*** Records for this exercise Section Begins ***

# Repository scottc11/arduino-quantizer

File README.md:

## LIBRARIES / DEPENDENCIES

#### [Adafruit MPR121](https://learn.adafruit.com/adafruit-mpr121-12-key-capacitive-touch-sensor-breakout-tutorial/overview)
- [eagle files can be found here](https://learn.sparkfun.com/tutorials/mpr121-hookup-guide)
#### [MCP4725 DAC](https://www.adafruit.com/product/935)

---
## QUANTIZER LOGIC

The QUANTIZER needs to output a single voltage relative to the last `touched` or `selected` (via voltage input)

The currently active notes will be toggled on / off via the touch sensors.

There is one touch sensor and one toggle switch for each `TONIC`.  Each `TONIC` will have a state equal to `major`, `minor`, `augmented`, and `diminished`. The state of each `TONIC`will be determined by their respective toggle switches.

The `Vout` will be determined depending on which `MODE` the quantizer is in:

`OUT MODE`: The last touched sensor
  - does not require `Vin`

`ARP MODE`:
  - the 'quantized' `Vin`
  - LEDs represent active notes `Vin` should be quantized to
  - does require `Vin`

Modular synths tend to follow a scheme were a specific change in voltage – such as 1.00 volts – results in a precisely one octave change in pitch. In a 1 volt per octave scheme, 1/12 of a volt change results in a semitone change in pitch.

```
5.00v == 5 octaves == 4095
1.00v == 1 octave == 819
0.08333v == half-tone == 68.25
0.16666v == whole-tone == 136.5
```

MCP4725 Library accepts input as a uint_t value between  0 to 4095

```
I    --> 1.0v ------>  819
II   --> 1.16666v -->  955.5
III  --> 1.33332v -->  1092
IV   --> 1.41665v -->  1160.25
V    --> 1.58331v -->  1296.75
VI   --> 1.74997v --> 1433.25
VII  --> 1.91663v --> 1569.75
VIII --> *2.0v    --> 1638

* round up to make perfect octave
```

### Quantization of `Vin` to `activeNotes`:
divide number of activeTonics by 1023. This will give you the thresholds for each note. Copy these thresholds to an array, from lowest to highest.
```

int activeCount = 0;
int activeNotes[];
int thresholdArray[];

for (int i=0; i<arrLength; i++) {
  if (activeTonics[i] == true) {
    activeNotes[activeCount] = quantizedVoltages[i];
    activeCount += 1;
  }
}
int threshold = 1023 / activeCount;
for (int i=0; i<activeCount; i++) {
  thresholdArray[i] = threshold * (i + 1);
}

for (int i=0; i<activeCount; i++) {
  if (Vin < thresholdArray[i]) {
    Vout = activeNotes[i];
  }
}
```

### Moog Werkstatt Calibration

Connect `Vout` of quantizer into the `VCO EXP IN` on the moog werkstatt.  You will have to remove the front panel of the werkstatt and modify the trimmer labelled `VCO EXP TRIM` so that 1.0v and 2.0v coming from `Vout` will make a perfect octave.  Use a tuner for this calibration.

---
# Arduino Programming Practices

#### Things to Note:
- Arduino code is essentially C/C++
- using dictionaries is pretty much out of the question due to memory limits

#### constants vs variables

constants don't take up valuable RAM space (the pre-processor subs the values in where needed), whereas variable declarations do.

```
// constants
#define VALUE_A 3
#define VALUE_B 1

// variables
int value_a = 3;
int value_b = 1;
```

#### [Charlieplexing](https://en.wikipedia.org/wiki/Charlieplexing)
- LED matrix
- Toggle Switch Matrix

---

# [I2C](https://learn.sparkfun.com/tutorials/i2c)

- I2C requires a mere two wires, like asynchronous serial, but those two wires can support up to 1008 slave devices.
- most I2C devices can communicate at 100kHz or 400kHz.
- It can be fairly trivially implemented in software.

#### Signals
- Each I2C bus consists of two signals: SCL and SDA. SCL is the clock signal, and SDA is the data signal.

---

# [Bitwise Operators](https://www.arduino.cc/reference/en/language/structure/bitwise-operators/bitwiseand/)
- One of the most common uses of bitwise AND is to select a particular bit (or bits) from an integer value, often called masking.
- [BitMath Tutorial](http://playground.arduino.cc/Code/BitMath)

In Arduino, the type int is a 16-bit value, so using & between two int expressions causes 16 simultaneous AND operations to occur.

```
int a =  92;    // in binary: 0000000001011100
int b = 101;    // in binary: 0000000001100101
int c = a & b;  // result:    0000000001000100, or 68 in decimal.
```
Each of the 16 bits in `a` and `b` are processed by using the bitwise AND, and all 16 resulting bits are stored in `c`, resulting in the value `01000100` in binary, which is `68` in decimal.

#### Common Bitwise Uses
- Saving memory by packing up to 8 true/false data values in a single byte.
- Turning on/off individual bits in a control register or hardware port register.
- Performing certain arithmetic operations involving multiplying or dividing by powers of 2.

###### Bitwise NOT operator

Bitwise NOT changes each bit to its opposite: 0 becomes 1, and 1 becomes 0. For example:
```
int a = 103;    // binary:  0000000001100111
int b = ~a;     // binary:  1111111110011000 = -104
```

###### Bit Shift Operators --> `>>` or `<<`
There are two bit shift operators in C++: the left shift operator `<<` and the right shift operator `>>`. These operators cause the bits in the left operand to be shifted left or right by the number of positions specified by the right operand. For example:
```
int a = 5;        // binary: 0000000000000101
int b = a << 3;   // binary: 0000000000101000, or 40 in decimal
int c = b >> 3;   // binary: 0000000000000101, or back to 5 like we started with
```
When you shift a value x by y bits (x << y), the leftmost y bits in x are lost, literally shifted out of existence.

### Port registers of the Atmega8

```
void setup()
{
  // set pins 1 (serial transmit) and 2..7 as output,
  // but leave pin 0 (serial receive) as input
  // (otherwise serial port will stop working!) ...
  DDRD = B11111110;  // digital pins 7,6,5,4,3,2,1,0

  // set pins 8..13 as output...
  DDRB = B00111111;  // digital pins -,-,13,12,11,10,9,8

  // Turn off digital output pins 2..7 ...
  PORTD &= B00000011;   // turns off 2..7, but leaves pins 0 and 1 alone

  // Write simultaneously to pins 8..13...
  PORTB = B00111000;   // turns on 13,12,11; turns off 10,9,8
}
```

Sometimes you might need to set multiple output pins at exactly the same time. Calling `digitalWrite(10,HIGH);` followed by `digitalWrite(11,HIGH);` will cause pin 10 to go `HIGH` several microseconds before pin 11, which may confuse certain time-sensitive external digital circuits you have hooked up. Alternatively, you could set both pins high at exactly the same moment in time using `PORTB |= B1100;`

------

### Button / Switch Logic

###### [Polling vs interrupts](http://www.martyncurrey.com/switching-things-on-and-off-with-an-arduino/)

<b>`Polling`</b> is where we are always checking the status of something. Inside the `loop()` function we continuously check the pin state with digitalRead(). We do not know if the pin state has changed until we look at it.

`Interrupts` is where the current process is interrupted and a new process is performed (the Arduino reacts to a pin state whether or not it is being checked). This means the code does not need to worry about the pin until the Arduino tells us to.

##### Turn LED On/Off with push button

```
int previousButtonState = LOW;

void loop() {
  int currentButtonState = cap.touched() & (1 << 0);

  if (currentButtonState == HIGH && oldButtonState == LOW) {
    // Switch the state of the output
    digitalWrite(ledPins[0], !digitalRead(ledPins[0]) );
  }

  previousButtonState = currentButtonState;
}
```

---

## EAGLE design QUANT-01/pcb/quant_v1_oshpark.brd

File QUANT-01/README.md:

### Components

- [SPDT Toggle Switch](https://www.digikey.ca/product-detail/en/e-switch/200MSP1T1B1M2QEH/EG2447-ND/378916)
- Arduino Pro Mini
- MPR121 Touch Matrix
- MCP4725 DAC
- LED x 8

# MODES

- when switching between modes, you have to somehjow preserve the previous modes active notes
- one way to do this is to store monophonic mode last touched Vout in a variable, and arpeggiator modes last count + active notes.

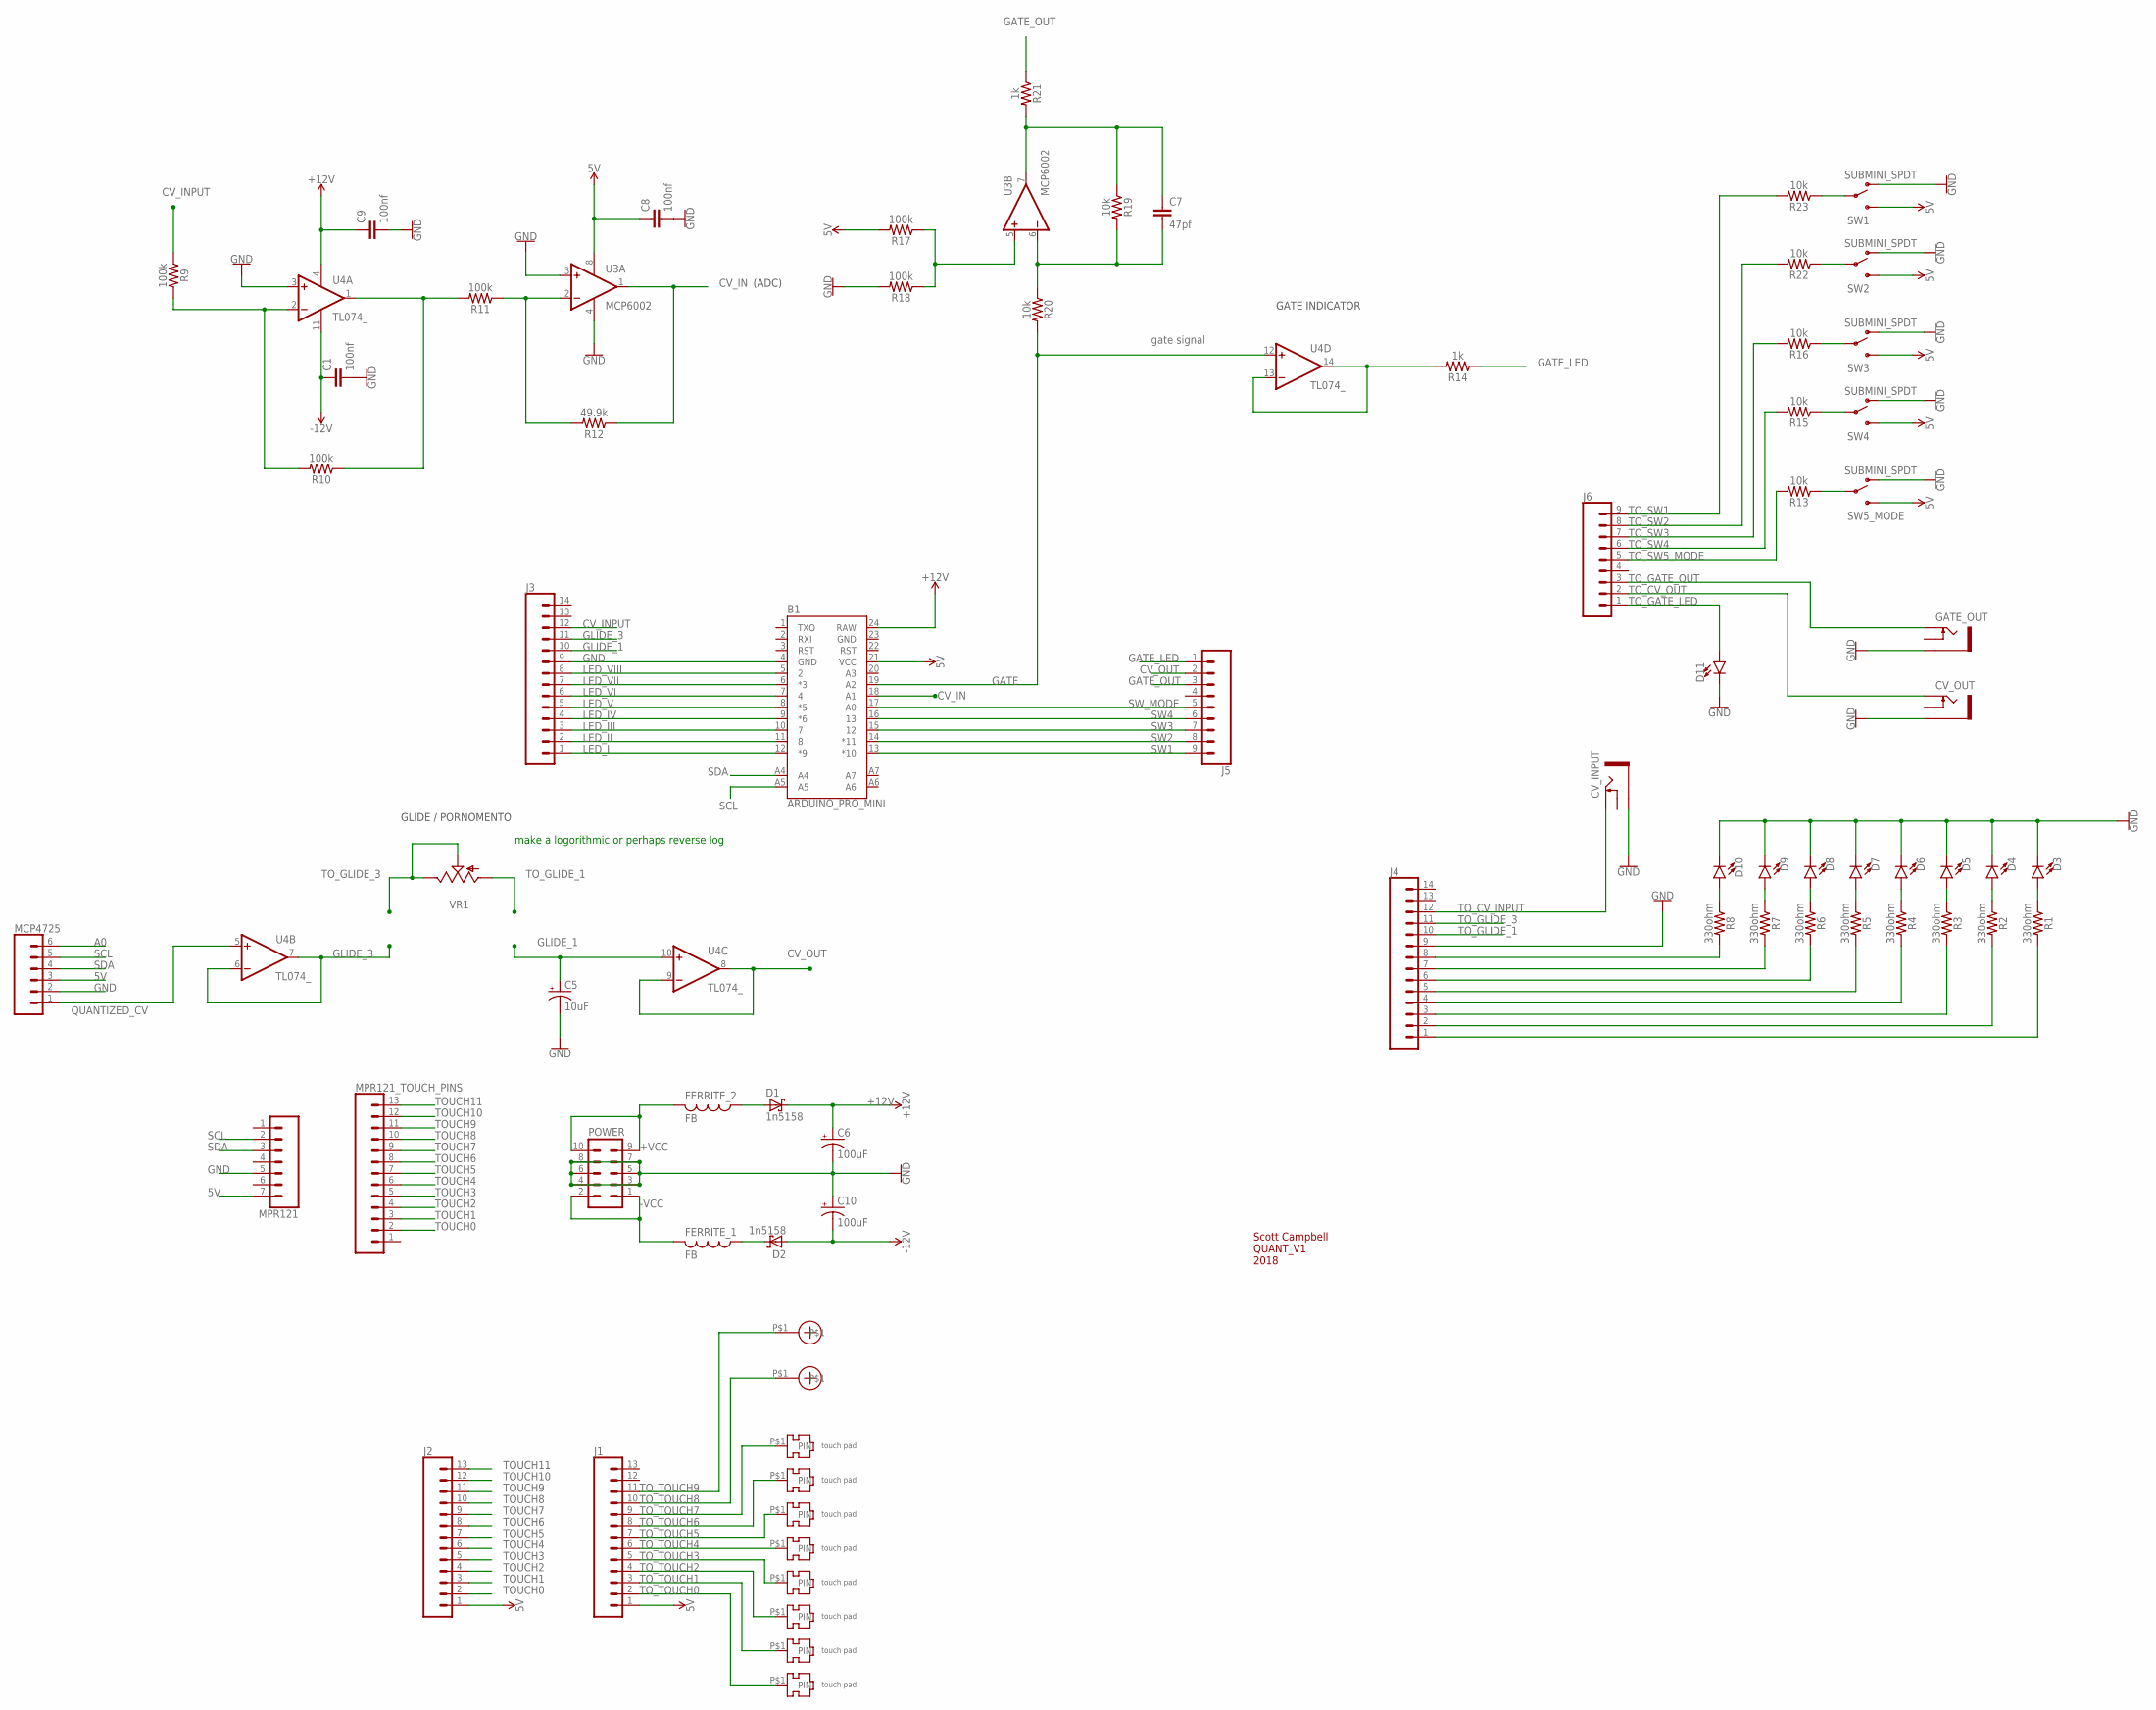
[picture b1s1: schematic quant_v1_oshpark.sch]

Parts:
B1: ARDUINO_PRO_MINI
C1, C9: 100nf; C2.5-5
C5: 10uF; CPOL-RADIAL-2.5MM-5MM
C6, C10: 100uF; CPOL-RADIAL-2.5MM-6.5MM
C7: 47pf; C2.5-5
C8: 100nf; C2.5-3
CV_INPUT: THONKICONNNEW; WQP-PJ301M-12_JACK
CV_OUT: CV_OUT; WQP-PJ301M-12_JACK
D1, D2: 1n5158; DO41-10
D3, D4, D5, D6, D7, D8, D9, D10, D11: LED3MM; LED_3MM
FERRITE_1, FERRITE_2: FB
GATE_OUT: GATE_OUT; WQP-PJ301M-12_JACK
J1, J2: CONN_13; 1X13
J3, J4: CONN_14; 1X14
J5, J6: CONN_09; 1X09
MCP4725: CONN_06NO_SILK_FEMALE_PTH; 1X06_NO_SILK
MPR121: CONN_07; 1X07
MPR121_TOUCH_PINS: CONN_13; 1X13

*** Records for this exercise Section Ends ***

* [Problem to solve]:
Wherever the string "Polling" appears in a line above, copy that line.

* [Exercise response]:
###### [Polling vs interrupts](http://www.martyncurrey.com/switching-things-on-and-off-with-an-arduino/)
<b>`Polling`</b> is where we are always checking the status of something. Inside the `loop()` function we continuously check the pin state with digitalRead(). We do not know if the pin state has changed until we look at it.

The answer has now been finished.